Start of Provided material

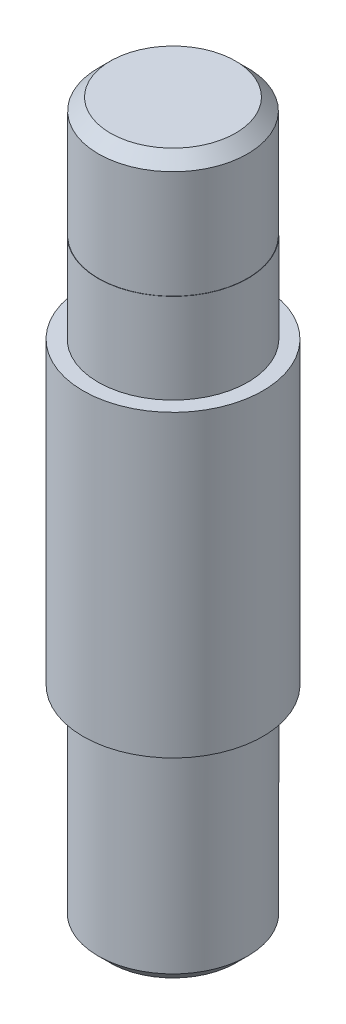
from build123d import *

# Parameters (mm, degrees)
SKETCH1_R      = 3
EXTRUDE1_DEPTH = 10
SKETCH2_R      = 2.5
EXTRUDE2_DEPTH = 3
SKETCH3_R      = 2.49
EXTRUDE3_DEPTH = 4
EXTRUDE4_START = 7
SKETCH4_R      = 2.5
EXTRUDE4_DEPTH = 7
CHAMFER1_SIZE  = 0.4


with BuildPart() as part:
    # Sketch1 → Extrude1 (new body)
    with BuildSketch(Plane(origin=(0, 0, 0), x_dir=(1, 0, 0), z_dir=(0, 1, 0))):
        with Locations(Location((0, 0, 0), (0, 0, 270))):
            Circle(SKETCH1_R)
    extrude(amount=EXTRUDE1_DEPTH)

    # Sketch2 → Extrude2 (add)
    with BuildSketch(Plane(origin=(0, 10, 0), x_dir=(-1, 0, 0), z_dir=(0, 1, 0))):
        with Locations(Location((0, 0, 0), (0, 0, 90))):
            Circle(SKETCH2_R)
    extrude(amount=EXTRUDE2_DEPTH)

    # Sketch3 → Extrude3 (add)
    with BuildSketch(Plane(origin=(0, 13, 0), x_dir=(-1, 0, 0), z_dir=(0, 1, 0))):
        with Locations(Location((0, 0, 0), (0, 0, 90))):
            Circle(SKETCH3_R)
    extrude(amount=EXTRUDE3_DEPTH)

    # Sketch4 → Extrude4 (add)
    with BuildSketch(Plane.XZ.offset(EXTRUDE4_START)):
        with Locations(Location((0, 0, 0), (0, 0, 90))):
            Circle(SKETCH4_R)
    extrude(amount=-EXTRUDE4_DEPTH)

    # Chamfer1
    chamfer1_edges = [part.edges().sort_by_distance(p)[0] for p in [
        (0, 17, -2.49),
        (0, -7, -2.5),
    ]]
    chamfer(chamfer1_edges, length=CHAMFER1_SIZE)


solid = part.part

End of Provided material

Brief: Gather every line from the listing above in which "part" appears, and copy those lines.

Your solution:
with BuildPart() as part:
    chamfer1_edges = [part.edges().sort_by_distance(p)[0] for p in [
solid = part.part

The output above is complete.